Melihat kekesalan guru kala menagih uang buku kepada Doni Akazu: Hei… Akazu!! Kapan kamu akan bayar uang bukunya? emm… mungkin besok Pak Guru kalau tidak ada halangan. Besoknya, ya tentu saja Dia kembali mengulang jawaban, “mungkin besok Pak Guru kalau tidak ada halangan…”

Melihat kecentilan F. Asmi Kandji kala guru bilang punya anak lelaki: “Bu, anaknya uda punya pacar belum? Aku mau lho jadi pacar Anak Ibu.”

Melihat Somad yang tidak pernah mencatat (kecuali Pendidikan Kewarganegaraan), namun selalu bertanya seolah mengerti. Entah apakah anak itu benar-benar memperhatikan pelajaran atau bertanya hanya sekedar topeng kamuflase.

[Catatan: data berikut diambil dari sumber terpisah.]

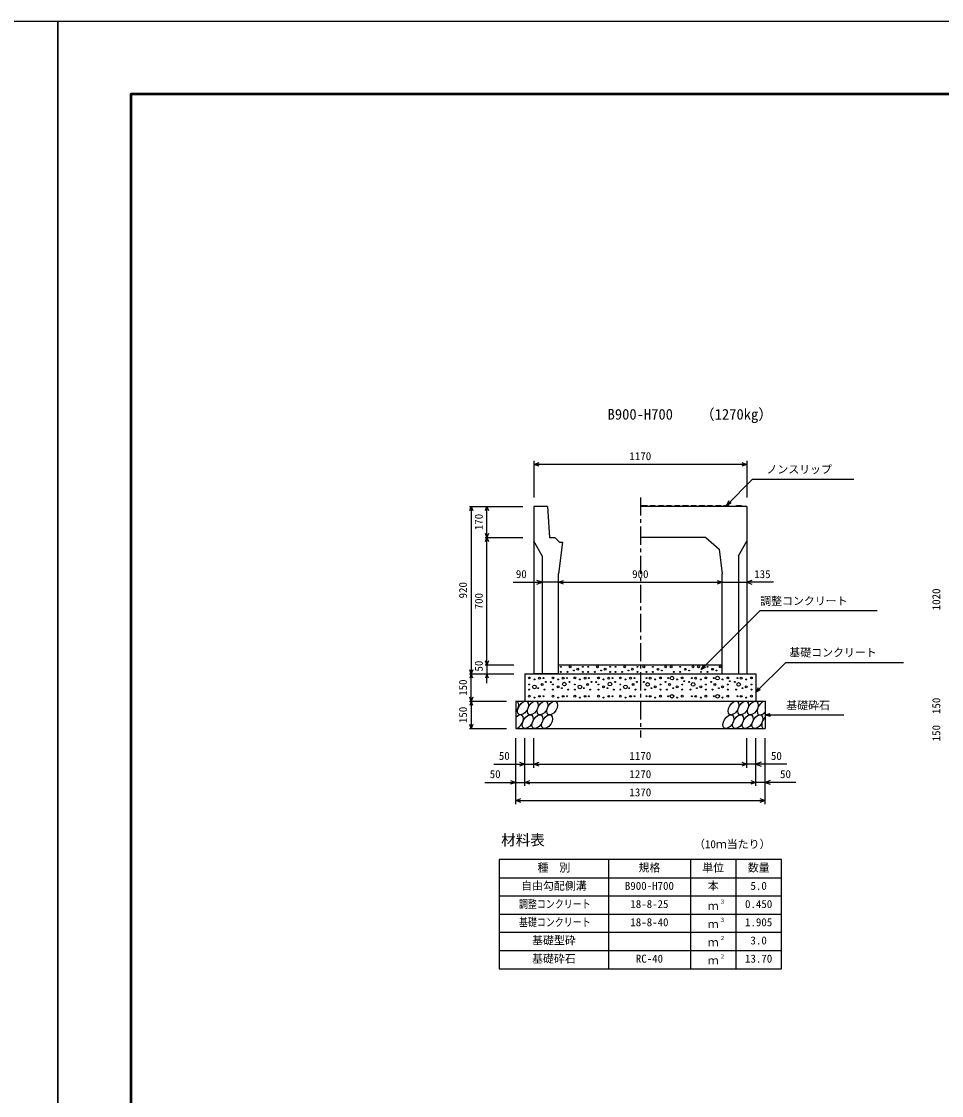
# Model space of a CAD drawing. Units: millimetres, scale not verified. Extents: x -16800 to 16800, y -5940 to 5940.
# Drawn here: x -200 to 4855, y 38 to 5940 of the extents above; entities that cross this region are included whole.
import ezdxf
from ezdxf.enums import TextEntityAlignment as Align

# ---------------------------------------------------------------- set-up
doc = ezdxf.new("R2010")
doc.units = ezdxf.units.MM
doc.header["$LTSCALE"] = 20
doc.linetypes.add('CHAIN1', pattern=[8, 5, -1, 1, -1])
for name, color, linetype, lineweight in [('0-0_DIM', 7, 'Continuous', 25), ('0-1_Defpoints', 5, 'Continuous', 25), ('0-2_HATCH', 6, 'Continuous', 25), ('0-3_HYO', 3, 'Continuous', 25), ('0-4_HYO2', 4, 'Continuous', 25), ('0-5_OUTLINE', 3, 'Continuous', 25), ('0-6_TXT', 7, 'Continuous', 25), ('0-7_WAKU', 3, 'Continuous', 25)]:
    doc.layers.add(name, color=color, linetype=linetype, lineweight=lineweight)
doc.styles.add('ＭＳ ゴシック', font='')
doc.styles.get('ＭＳ ゴシック').set_extended_font_data('MS Gothic')

msp = doc.modelspace()

# ---------------------------------------------------------------- linework, layer by layer
at = {"layer": '0-0_DIM'}
for p, q in [((2615, 3526.41), (2615, 3324.66)), ((3785, 3506.41), (2615, 3506.41)), ((3785, 3526.41), (3785, 3324.66)), ((3673, 3281.16), (3815.21, 3423.38)), ((4372.1, 3423.38), (3815.21, 3423.38)), ((3673, 3281.16), (3688, 3307.14)), ((2260.8, 3274.66), (2554.13, 3274.66)), ((2270.8, 3274.66), (2270.8, 2354.66)), ((2357.46, 3104.66), (2357.46, 3274.66)), ((3673, 3281.16), (3698.98, 3296.16)), ((2347.46, 3104.66), (2554.13, 3104.66)), ((2357.46, 2404.66), (2357.46, 3104.66)), ((2500.45, 2858.26), (2660, 2858.26)), ((2750, 2858.26), (2660, 2858.26)), ((2750, 2858.26), (3650, 2858.26)), ((3650, 2858.26), (3785, 2858.26)), ((3931.96, 2858.26), (3785, 2858.26)), ((2347.46, 2404.66), (2504.13, 2404.66)), ((2357.46, 2404.66), (2357.46, 2354.66)), ((3533.82, 2379.66), (3548.82, 2405.64)), ((3533.82, 2379.66), (3559.8, 2394.66)), ((3998.65, 2418.32), (3835, 2254.66)), ((3998.65, 2418.32), (4645.53, 2418.32)), ((2260.8, 2354.66), (2504.13, 2354.66)), ((2270.8, 2204.66), (2270.8, 2354.66)), ((2357.46, 2304.66), (2357.46, 2354.66)), ((3835, 2254.66), (3850, 2280.64)), ((3835, 2254.66), (3860.98, 2269.66)), ((2260.8, 2204.66), (2465, 2204.66)), ((2270.8, 2204.66), (2270.8, 2054.66)), ((3885, 2129.66), (3913.98, 2137.43)), ((3885, 2129.66), (4318.31, 2129.66)), ((3885, 2129.66), (3913.98, 2121.9)), ((2260.8, 2054.66), (2465, 2054.66)), ((2515, 1639.15), (2515, 2001.49)), ((2565, 1739.15), (2565, 2001.49)), ((2615, 1839.15), (2615, 2001.49)), ((3785, 1839.15), (3785, 2001.49)), ((3835, 1739.15), (3835, 2001.49)), ((3885, 1639.15), (3885, 2001.49)), ((2395, 1859.15), (2615, 1859.15)), ((2615, 1859.15), (3785, 1859.15)), ((4005, 1859.15), (3785, 1859.15)), ((2345, 1759.15), (2565, 1759.15)), ((2565, 1759.15), (3835, 1759.15)), ((4055, 1759.15), (3835, 1759.15)), ((2515, 1659.15), (3885, 1659.15))]:
    msp.add_line(p, q, dxfattribs=at)
at = {"layer": '0-0_DIM', "linetype": 'CHAIN1'}
msp.add_line((3200, 3324.66), (3200, 2004.66), dxfattribs=at)
at = {"layer": '0-0_DIM'}
for points in [[(2643.23, 3496.14), (2615.04, 3506.41), (2643.23, 3516.67)], [(3756.85, 3516.67), (3785.04, 3506.41), (3756.85, 3496.14)], [(2262.59, 3252.11), (2270.8, 3274.66), (2279.01, 3252.11)], [(2349.26, 3252.11), (2357.46, 3274.66), (2365.67, 3252.11)], [(2365.67, 3127.22), (2357.46, 3104.66), (2349.26, 3127.22)], [(2349.26, 3082.11), (2357.46, 3104.66), (2365.67, 3082.11)], [(2631.81, 2848), (2660, 2858.26), (2631.81, 2868.52)], [(2778.19, 2848), (2750, 2858.26), (2778.19, 2868.52)], [(3621.81, 2868.52), (3650, 2858.26), (3621.81, 2848)], [(3813.19, 2868.52), (3785, 2858.26), (3813.19, 2848)], [(3533.82, 2379.66), (3858.28, 2704.13), (4501.84, 2704.13)], [(2365.67, 2427.22), (2357.46, 2404.66), (2349.26, 2427.22)], [(2279.01, 2377.22), (2270.8, 2354.66), (2262.59, 2377.22)], [(2279.01, 2332.11), (2270.8, 2354.66), (2262.59, 2332.11)], [(2365.67, 2332.11), (2357.46, 2354.66), (2349.26, 2332.11)], [(2279.01, 2227.22), (2270.8, 2204.66), (2262.59, 2227.22)], [(2279.01, 2182.11), (2270.8, 2204.66), (2262.59, 2182.11)], [(2279.01, 2077.22), (2270.8, 2054.66), (2262.59, 2077.22)], [(2536.81, 1869.41), (2565, 1859.15), (2536.81, 1848.89)], [(2643.19, 1848.89), (2615, 1859.15), (2643.19, 1869.41)], [(3756.81, 1869.41), (3785, 1859.15), (3756.81, 1848.89)], [(3863.19, 1869.41), (3835, 1859.15), (3863.19, 1848.89)], [(2486.81, 1769.41), (2515, 1759.15), (2486.81, 1748.89)], [(2593.19, 1748.89), (2565, 1759.15), (2593.19, 1769.41)], [(3806.81, 1769.41), (3835, 1759.15), (3806.81, 1748.89)], [(3913.19, 1769.41), (3885, 1759.15), (3913.19, 1748.89)], [(2543.19, 1648.89), (2515, 1659.15), (2543.19, 1669.41)], [(3856.81, 1669.41), (3885, 1659.15), (3856.81, 1648.89)]]:
    msp.add_lwpolyline(points, dxfattribs=at)
at = {"layer": '0-1_Defpoints'}
for points in [[(-16800, -5940), (0, -5940), (0, 5940), (-16800, 5940)], [(0, -5940), (16800, -5940), (16800, 5940), (0, 5940)]]:
    msp.add_lwpolyline(points, close=True, dxfattribs=at)
at = {"layer": '0-2_HATCH'}
for points in [[(3208, 3274.66), (3209, 3281.16), (3237, 3281.16), (3238, 3274.66)], [(3253, 3274.66), (3254, 3281.16), (3282, 3281.16), (3283, 3274.66)], [(3298, 3274.66), (3299, 3281.16), (3327, 3281.16), (3328, 3274.66)], [(3343, 3274.66), (3344, 3281.16), (3372, 3281.16), (3373, 3274.66)], [(3388, 3274.66), (3389, 3281.16), (3417, 3281.16), (3418, 3274.66)], [(3433, 3274.66), (3434, 3281.16), (3462, 3281.16), (3463, 3274.66)], [(3478, 3274.66), (3479, 3281.16), (3507, 3281.16), (3508, 3274.66)], [(3523, 3274.66), (3524, 3281.16), (3552, 3281.16), (3553, 3274.66)], [(3568, 3274.66), (3569, 3281.16), (3597, 3281.16), (3598, 3274.66)], [(3613, 3274.66), (3614, 3281.16), (3642, 3281.16), (3643, 3274.66)], [(3658, 3274.66), (3659, 3281.16), (3687, 3281.16), (3688, 3274.66)], [(3727.5, 3274.66), (3728.5, 3281.16), (3756.5, 3281.16), (3757.5, 3274.66)]]:
    msp.add_lwpolyline(points, dxfattribs=at)
for centre, radius in [((2763.97, 2393.97), 2.5), ((2763.97, 2365.96), 2.5), ((2799.86, 2365.96), 2.5), ((2813.88, 2393.97), 5), ((2834.9, 2373.84), 2.5), ((2855.93, 2380.84), 5), ((2883.97, 2393.97), 2.5), ((2883.97, 2365.96), 2.5), ((2913.97, 2393.97), 2.5), ((2913.97, 2365.96), 2.5), ((2949.86, 2365.96), 2.5), ((2963.88, 2393.97), 5), ((2984.9, 2373.84), 2.5), ((3005.93, 2380.84), 5), ((3033.97, 2393.97), 2.5), ((3033.97, 2365.96), 2.5), ((3063.97, 2393.97), 2.5), ((3063.97, 2365.96), 2.5), ((3099.86, 2365.96), 2.5), ((3113.88, 2393.97), 5), ((3134.9, 2373.84), 2.5), ((3155.93, 2380.84), 5), ((3183.97, 2393.97), 2.5), ((3183.97, 2365.96), 2.5), ((3219.13, 2393.69), 5), ((3233.15, 2365.68), 2.5), ((3269.04, 2393.69), 2.5), ((3269.04, 2365.68), 2.5), ((3297.08, 2380.56), 5), ((3318.11, 2373.56), 2.5), ((3339.13, 2393.69), 5), ((3369.13, 2393.69), 5), ((3383.15, 2365.68), 2.5), ((3419.04, 2393.69), 2.5), ((3419.04, 2365.68), 2.5), ((3447.08, 2380.56), 5), ((3468.11, 2373.56), 2.5), ((3489.13, 2393.69), 5), ((3519.13, 2393.69), 5), ((3533.15, 2365.68), 2.5), ((3569.04, 2393.69), 2.5), ((3569.04, 2365.68), 2.5), ((3597.08, 2380.56), 5), ((3618.11, 2373.56), 2.5), ((3639.13, 2393.69), 5), ((2589.97, 2332.72), 5), ((2618.01, 2324.84), 2.5), ((2646.04, 2331.84), 5), ((2660.06, 2296.82), 5), ((2667.07, 2331.84), 2.5), ((2681.09, 2310.83), 2.5), ((2707.55, 2309.92), 2.5), ((2719.97, 2332.72), 5), ((2748.01, 2324.84), 2.5), ((2776.04, 2331.84), 5), ((2782.58, 2298.83), 10), ((2797.07, 2331.84), 2.5), ((2811.09, 2310.83), 2.5), ((2839.97, 2332.72), 5), ((2868.01, 2324.84), 2.5), ((2896.04, 2331.84), 5), ((2910.06, 2296.82), 5), ((2917.07, 2331.84), 2.5), ((2931.09, 2310.83), 2.5), ((2957.55, 2309.92), 2.5), ((2969.97, 2332.72), 5), ((2998.01, 2324.84), 2.5), ((3026.04, 2331.84), 5), ((3032.58, 2298.83), 10), ((3047.07, 2331.84), 2.5), ((3061.09, 2310.83), 2.5), ((3089.97, 2332.72), 5), ((3118.01, 2324.84), 2.5), ((3146.04, 2331.84), 5), ((3160.06, 2296.82), 5), ((3167.07, 2331.84), 2.5), ((3181.09, 2310.83), 2.5), ((3218.91, 2310.83), 2.5), ((3239.94, 2296.82), 10), ((3232.93, 2331.84), 2.5), ((3253.96, 2331.84), 5), ((3281.99, 2324.84), 2.5), ((3310.03, 2332.72), 5), ((3338.91, 2310.83), 2.5), ((3352.93, 2331.84), 2.5), ((3359.94, 2296.82), 5), ((3373.96, 2331.84), 10), ((3401.99, 2324.84), 2.5), ((3430.03, 2332.72), 5), ((3441.37, 2315.15), 2.5), ((3468.91, 2310.83), 2.5), ((3489.94, 2296.82), 10), ((3482.93, 2331.84), 2.5), ((3503.96, 2331.84), 5), ((3531.99, 2324.84), 2.5), ((3560.03, 2332.72), 5), ((3588.91, 2310.83), 2.5), ((3602.93, 2331.84), 2.5), ((3609.94, 2296.82), 5), ((3623.96, 2331.84), 10), ((3651.99, 2324.84), 2.5), ((3680.03, 2332.72), 5), ((3691.37, 2315.15), 2.5), ((3718.91, 2310.83), 2.5), ((3739.94, 2296.82), 10), ((3732.93, 2331.84), 2.5), ((3753.96, 2331.84), 5), ((3781.99, 2324.84), 2.5), ((3810.03, 2332.72), 5), ((2589.97, 2296.82), 2.5), ((2589.97, 2268.81), 2.5), ((2618.01, 2283.69), 10), ((2639.03, 2276.69), 2.5), ((2674.08, 2268.81), 2.5), ((2719.97, 2296.82), 2.5), ((2719.97, 2268.81), 2.5), ((2748.01, 2283.69), 5), ((2769.03, 2276.69), 2.5), ((2804.08, 2268.81), 2.5), ((2839.97, 2296.82), 2.5), ((2839.97, 2268.81), 2.5), ((2868.01, 2283.69), 10), ((2889.03, 2276.69), 2.5), ((2924.08, 2268.81), 2.5), ((2969.97, 2296.82), 2.5), ((2969.97, 2268.81), 2.5), ((2998.01, 2283.69), 5), ((3019.03, 2276.69), 2.5), ((3054.08, 2268.81), 2.5), ((3089.97, 2296.82), 2.5), ((3089.97, 2268.81), 2.5), ((3118.01, 2283.69), 10), ((3139.03, 2276.69), 2.5), ((3174.08, 2268.81), 2.5), ((3225.92, 2268.81), 2.5), ((3260.97, 2276.69), 2.5), ((3281.99, 2283.69), 5), ((3310.03, 2296.82), 2.5), ((3310.03, 2268.81), 2.5), ((3345.92, 2268.81), 2.5), ((3380.97, 2276.69), 2.5), ((3401.99, 2283.69), 5), ((3430.03, 2296.82), 2.5), ((3430.03, 2268.81), 2.5), ((3475.92, 2268.81), 2.5), ((3510.97, 2276.69), 2.5), ((3531.99, 2283.69), 5), ((3560.03, 2296.82), 2.5), ((3560.03, 2268.81), 2.5), ((3595.92, 2268.81), 2.5), ((3630.97, 2276.69), 2.5), ((3651.99, 2283.69), 5), ((3680.03, 2296.82), 2.5), ((3680.03, 2268.81), 2.5), ((3725.92, 2268.81), 2.5), ((3760.97, 2276.69), 2.5), ((3781.99, 2283.69), 5), ((3810.03, 2296.82), 2.5), ((3810.03, 2268.81), 2.5), ((2589.97, 2232.72), 5), ((2618.01, 2224.84), 2.5), ((2646.04, 2231.84), 5), ((2667.07, 2231.84), 2.5), ((2719.97, 2232.72), 5), ((2748.01, 2224.84), 2.5), ((2776.04, 2231.84), 5), ((2797.07, 2231.84), 2.5), ((2839.97, 2232.72), 5), ((2868.01, 2224.84), 2.5), ((2896.04, 2231.84), 5), ((2917.07, 2231.84), 2.5), ((2969.97, 2232.72), 5), ((2998.01, 2224.84), 2.5), ((3026.04, 2231.84), 5), ((3047.07, 2231.84), 2.5), ((3089.97, 2232.72), 5), ((3118.01, 2224.84), 2.5), ((3146.04, 2231.84), 5), ((3167.07, 2231.84), 2.5), ((3232.93, 2231.84), 2.5), ((3253.96, 2231.84), 5), ((3281.99, 2224.84), 2.5), ((3310.03, 2232.72), 5), ((3352.93, 2231.84), 2.5), ((3373.96, 2231.84), 10), ((3401.99, 2224.84), 2.5), ((3430.03, 2232.72), 5), ((3482.93, 2231.84), 2.5), ((3503.96, 2231.84), 5), ((3531.99, 2224.84), 2.5), ((3560.03, 2232.72), 5), ((3602.93, 2231.84), 2.5), ((3623.96, 2231.84), 10), ((3651.99, 2224.84), 2.5), ((3680.03, 2232.72), 5), ((3732.93, 2231.84), 2.5), ((3753.96, 2231.84), 5), ((3781.99, 2224.84), 2.5), ((3810.03, 2232.72), 5)]:
    msp.add_circle(centre, radius, dxfattribs=at)
for centre, start_param, end_param in [((2502.63, 2167.14), 4.385593, 6.6745444), ((3871.14, 2167.14), 0.3357715, 4.4411806), ((2527.96, 2092.15), 3.5111464, 7.548991), ((3896.46, 2092.15), 1.2110787, 3.5658734)]:
    msp.add_ellipse(centre, major_axis=(21.81, 35.31), ratio=0.5792, start_param=start_param, end_param=end_param, dxfattribs=at)
for centre in [(2555.84, 2167.14), (2609.05, 2167.14), (2662.26, 2167.14), (2715.47, 2167.14), (3711.51, 2167.14), (3764.72, 2167.14), (3817.93, 2167.14), (2581.16, 2092.15), (2634.37, 2092.15), (2687.58, 2092.15), (3683.63, 2092.15), (3736.84, 2092.15), (3790.04, 2092.15), (3843.25, 2092.15)]:
    msp.add_ellipse(centre, major_axis=(21.81, 35.31), ratio=0.5792, dxfattribs=at)
at = {"layer": '0-3_HYO'}
for p, q in [((3025, 1335.2), (3025, 735.2)), ((3475, 1335.2), (3475, 735.2)), ((3725, 1335.2), (3725, 735.2)), ((2425, 1235.2), (3975, 1235.2))]:
    msp.add_line(p, q, dxfattribs=at)
msp.add_lwpolyline([(2425, 735.2), (3975, 735.2), (3975, 1335.2), (2425, 1335.2)], close=True, dxfattribs=at)
at = {"layer": '0-4_HYO2'}
for p, q in [((2425, 1135.2), (3975, 1135.2)), ((2425, 1035.2), (3975, 1035.2)), ((2425, 935.2), (3975, 935.2)), ((2425, 835.2), (3975, 835.2))]:
    msp.add_line(p, q, dxfattribs=at)
at = {"layer": '0-5_OUTLINE'}
for p, q in [((2690, 3274.66), (2615, 3274.66)), ((2615, 3274.66), (2615, 2354.66)), ((2690, 3274.66), (2700, 3104.69)), ((3785, 3274.66), (3200, 3274.66)), ((3785, 3274.66), (3785, 2354.66)), ((2660, 3004.66), (2615, 3084.66)), ((2700, 3104.69), (2730, 3104.69)), ((2730, 3104.69), (2755, 3079.69)), ((2771.88, 3079.69), (2750, 2904.66)), ((2755, 3079.69), (2771.88, 3079.69)), ((3560, 3104.66), (3200, 3104.66)), ((3740, 3004.66), (3785, 3084.66)), ((2660, 3004.66), (2660, 2354.66)), ((3740, 3004.66), (3740, 2354.66)), ((2750, 2354.66), (2750, 2904.66)), ((3650, 2354.66), (3650, 2904.66)), ((2750, 2404.66), (3650, 2404.66)), ((2565, 2354.66), (3835, 2354.66)), ((2565, 2354.66), (2565, 2204.66)), ((2750, 2354.66), (2615, 2354.66)), ((3650, 2354.66), (3785, 2354.66)), ((3835, 2354.66), (3835, 2204.66)), ((2515, 2204.66), (3885, 2204.66)), ((2515, 2204.66), (2515, 2054.66)), ((3885, 2204.66), (3885, 2054.66)), ((2515, 2054.66), (3885, 2054.66))]:
    msp.add_line(p, q, dxfattribs=at)
msp.add_lwpolyline([(3560, 3104.66), (3633.06, 3040.16), (3650, 2904.66)], dxfattribs=at)
at = {"layer": '0-7_WAKU', "lineweight": 50}
msp.add_lwpolyline([(400, -5540), (16400, -5540), (16400, 5540), (400, 5540)], close=True, dxfattribs=at)

# ---------------------------------------------------------------- texts
at = {"layer": '0-0_DIM', "style": 'ＭＳ ゴシック'}
for s, p in [('1170', (3140, 3516.41)), ('ノンスリップ', (3892.52, 3443.55)), ('90', (2516.03, 2868.26)), ('900', (3155, 2868.26)), ('135', (3825.76, 2868.26)), ('調整コンクリート', (3858.28, 2720.55)), ('基礎コンクリート', (4018.65, 2437.05)), ('基礎砕石', (4001.32, 2146.83)), ('50', (2422.56, 1869.15)), ('1170', (3140, 1869.15)), ('50', (3917.44, 1869.15)), ('50', (2372.56, 1769.15)), ('1270', (3140, 1769.15)), ('50', (3967.44, 1769.15)), ('1370', (3140, 1669.15))]:
    msp.add_text(s, height=43.99, dxfattribs=at).set_placement(p, align=Align.BOTTOM_LEFT)
for s, p in [('170', (2347.46, 3144.66)), ('920', (2260.8, 2769.66)), ('700', (2347.46, 2709.66)), ('1020', (4860.8, 2704.66)), ('50', (2347.46, 2367.99)), ('150', (2260.8, 2234.66)), ('150', (4860.8, 2134.66)), ('150', (2260.8, 2084.66)), ('150', (4860.8, 1984.66))]:
    msp.add_text(s, height=43.99, rotation=90, dxfattribs=at).set_placement(p, align=Align.BOTTOM_LEFT)
at = {"layer": '0-6_TXT', "style": 'ＭＳ ゴシック'}
for s, height, p in [('B900-H700', 58.65, (3020, 3734.66)), ('（1270kg）', 58.65, (3528.37, 3734.66)), ('材料表', 58.65, (2435, 1395.2)), ('（10ｍ当たり）', 43.99, (3495, 1384.2)), ('種\u3000別', 43.99, (2635, 1255.2)), ('規格', 43.99, (3190, 1255.2)), ('単位', 43.99, (3540, 1255.2)), ('数量', 43.99, (3790, 1255.2)), ('自由勾配側溝', 43.99, (2545, 1155.2)), ('B900-H700', 43.99, (3115, 1155.2)), ('本', 43.99, (3570, 1155.2)), ('5.0', 43.99, (3805, 1155.2)), ('18-8-25', 43.99, (3145, 1055.2)), ('ｍ', 43.99, (3570, 1045.2)), ('３', 21.99, (3635.54, 1085.57)), ('0.450', 43.99, (3775, 1055.2)), ('18-8-40', 43.99, (3145, 955.2)), ('３', 21.99, (3635.54, 985.57)), ('1.905', 43.99, (3775, 955.2)), ('ｍ', 43.99, (3570, 945.2)), ('基礎型砕', 43.99, (2605, 855.2)), ('ｍ', 43.99, (3570, 845.2)), ('２', 21.99, (3635.54, 885.57)), ('3.0', 43.99, (3805, 855.2)), ('基礎砕石', 43.99, (2605, 755.2)), ('RC-40', 43.99, (3175, 755.2)), ('ｍ', 43.99, (3570, 745.2)), ('２', 21.99, (3635.54, 785.57)), ('13.70', 43.99, (3775, 755.2))]:
    msp.add_text(s, height=height, dxfattribs=at).set_placement(p, align=Align.BOTTOM_LEFT)
at = {"layer": '0-6_TXT', "style": 'ＭＳ ゴシック', "width": 0.8}
for s, p in [('調整コンクリート', (2533, 1055.2)), ('基礎コンクリート', (2533, 955.2))]:
    msp.add_text(s, height=43.99, dxfattribs=at).set_placement(p, align=Align.BOTTOM_LEFT)

doc.saveas('drawing.dxf')

Sekarang aku melihat, aku merasa benar kata Ayah dahulu: “Nak, jadilah gadis yang baik yang punya prinsip hidup. Jangan berlebihan dalam mengejar kesenangan karena sesungguhnya setiap pesta itu cepat atau lama pasti akan berakhir seperti kata pepatahnya. Tuhan telah mengatur hidup kita ini dengan adil dan bijaksana. Hindarkanlah dirimu dari perilaku menyusahkan orang lain agar dikasihi Tuhan, agar tidak turut mendapat susah.”

Apa perbedaan antara kebetulan dan takdir?

“Maaf Ayah, maafkan anak gadismu yang tak pandai berbakti ini. Oh Tuhan… Aku sungguh tak mengerti apakah ini hanya kebetulan ataukah ini memang takdirmu.”